# Give up work due to illness, husband is on good salary, is benefit means tested?



## CD2005 (28 Apr 2007)

Hi,

Due to illness there is a possibility that I'll have to give up work for some time. 

Since I want to leave my current employment anyway, I was wondering if I left work due to illness and went on the sick would I be means tested for sickness benefit as my husband earns a fairly good salary?

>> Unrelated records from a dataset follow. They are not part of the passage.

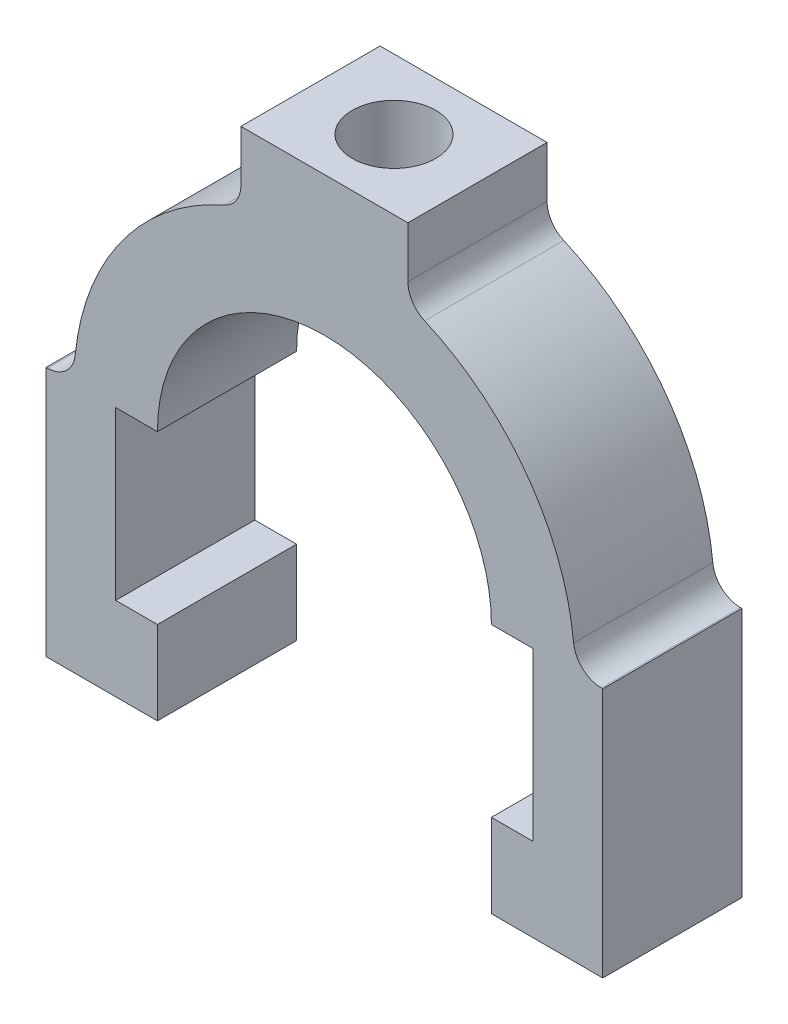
from build123d import *

# Parameters (mm, degrees)
BOSS_EXTRUDE1_DEPTH     = 10
CUT_EXTRUDE1_REACH      = 92
CUT_EXTRUDE1_END_RADIUS = 24
SKETCH2_R               = 6
FILLET1_R               = 4


with BuildPart() as part:
    # Sketch1 → Boss-Extrude1 (new, symmetric)
    with BuildSketch(Plane.XY):
        with BuildLine():
            Line((30, 6), (30, 30))
            Line((30, 30), (24, 30))
            ThreePointArc((24, 30), (0, 54), (-24, 30))
            Line((-24, 30), (-30, 30))
            Line((-30, 30), (-30, 6))
            Line((-30, 6), (-24, 6))
            Line((-24, 6), (-24, -6))
            Line((-24, -6), (-30, -6))
            Line((-30, -6), (-40, -6))
            Line((-40, -6), (-40, 30))
            Line((-40, 30), (-36, 30))
            ThreePointArc((-36, 30), (-29.393876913, 50.784609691), (-12, 63.941125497))
            Line((-12, 63.941125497), (-12, 74))
            Line((-12, 74), (12, 74))
            Line((12, 74), (12, 63.941125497))
            ThreePointArc((12, 63.941125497), (29.393876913, 50.784609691), (36, 30))
            Line((36, 30), (40, 30))
            Line((40, 30), (40, -6))
            Line((40, -6), (30, -6))
            Line((30, -6), (24, -6))
            Line((24, -6), (24, 6))
            Line((24, 6), (30, 6))
        make_face()
    extrude(amount=BOSS_EXTRUDE1_DEPTH, both=True)

    # Cut-Extrude1: up to this cylinder (the profile starts outside it)
    cut_extrude1_end = Plane(origin=(0, 30, 0), z_dir=(0, 0, -1)) * Cylinder(CUT_EXTRUDE1_END_RADIUS, 233, mode=Mode.PRIVATE)
    # Sketch2 → Cut-Extrude1 (cut, up to the surface)
    with BuildSketch(Plane(origin=(0, 74, 0), x_dir=(1, 0, 0), z_dir=(0, 1, 0)), mode=Mode.PRIVATE) as cut_extrude1_sk1:
        with Locations(Location((0, 0, 0), (0, 0, 270))):
            Circle(SKETCH2_R)
    cut_extrude1_tool1 = extrude(cut_extrude1_sk1.sketch, amount=-CUT_EXTRUDE1_REACH, mode=Mode.PRIVATE) - cut_extrude1_end
    add(cut_extrude1_tool1.solids().sort_by_distance((0, 74, 0))[0], mode=Mode.SUBTRACT)

    # Fillet1
    fillet1_edges = [part.edges().sort_by_distance(p)[0] for p in [
        (-36, 30, 0),
        (-12, 63.941125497, 0),
        (12, 63.941125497, 0),
        (36, 30, 0),
    ]]
    fillet(fillet1_edges, radius=FILLET1_R)


solid = part.part

I know that under unemployment we would be subject to means testing but cant find anything on welfare/citezen websites that indicates for sickness benefit we would.

Thanks


----------



## ajapale (28 Apr 2007)

Hi CD,

Ive changed the title somewhat to more accurately reflect the question. Let me know if this is ok.

aj


----------



## justsally (28 Apr 2007)

Sickness Benefit is not means tested as it is dependent upon your social welfare contributions. Sorry I can't give you a break-down off hand of the requirements but these should be easy enough to obtain from the Social Welfare site - now that you know what you are looking for. Generally speaking, benefits are not means tested, "allowances" are.

Cheers


----------



## regicide (28 Apr 2007)

If you have enough PRSI contributions and your doctor signs weekly medical certs confirming you are ill then you should be able to get illness benefit.

See this thread :

http://www.askaboutmoney.com/showthread.php?t=53243

reg


----------



## Welfarite (30 Apr 2007)

CD2005 said:


> I know that under unemployment we would be subject to means testing but cant find anything on welfare/citezen websites that indicates for sickness benefit we would.
> 
> Thanks



For your information , in case you recover and are again looking for work, this is not necessarily so. As said by another poster "allowances" are means-tested adn if you qualify for Illness Benfit, you will qualify for Jobseeker's BENEFIT, which is not means tested.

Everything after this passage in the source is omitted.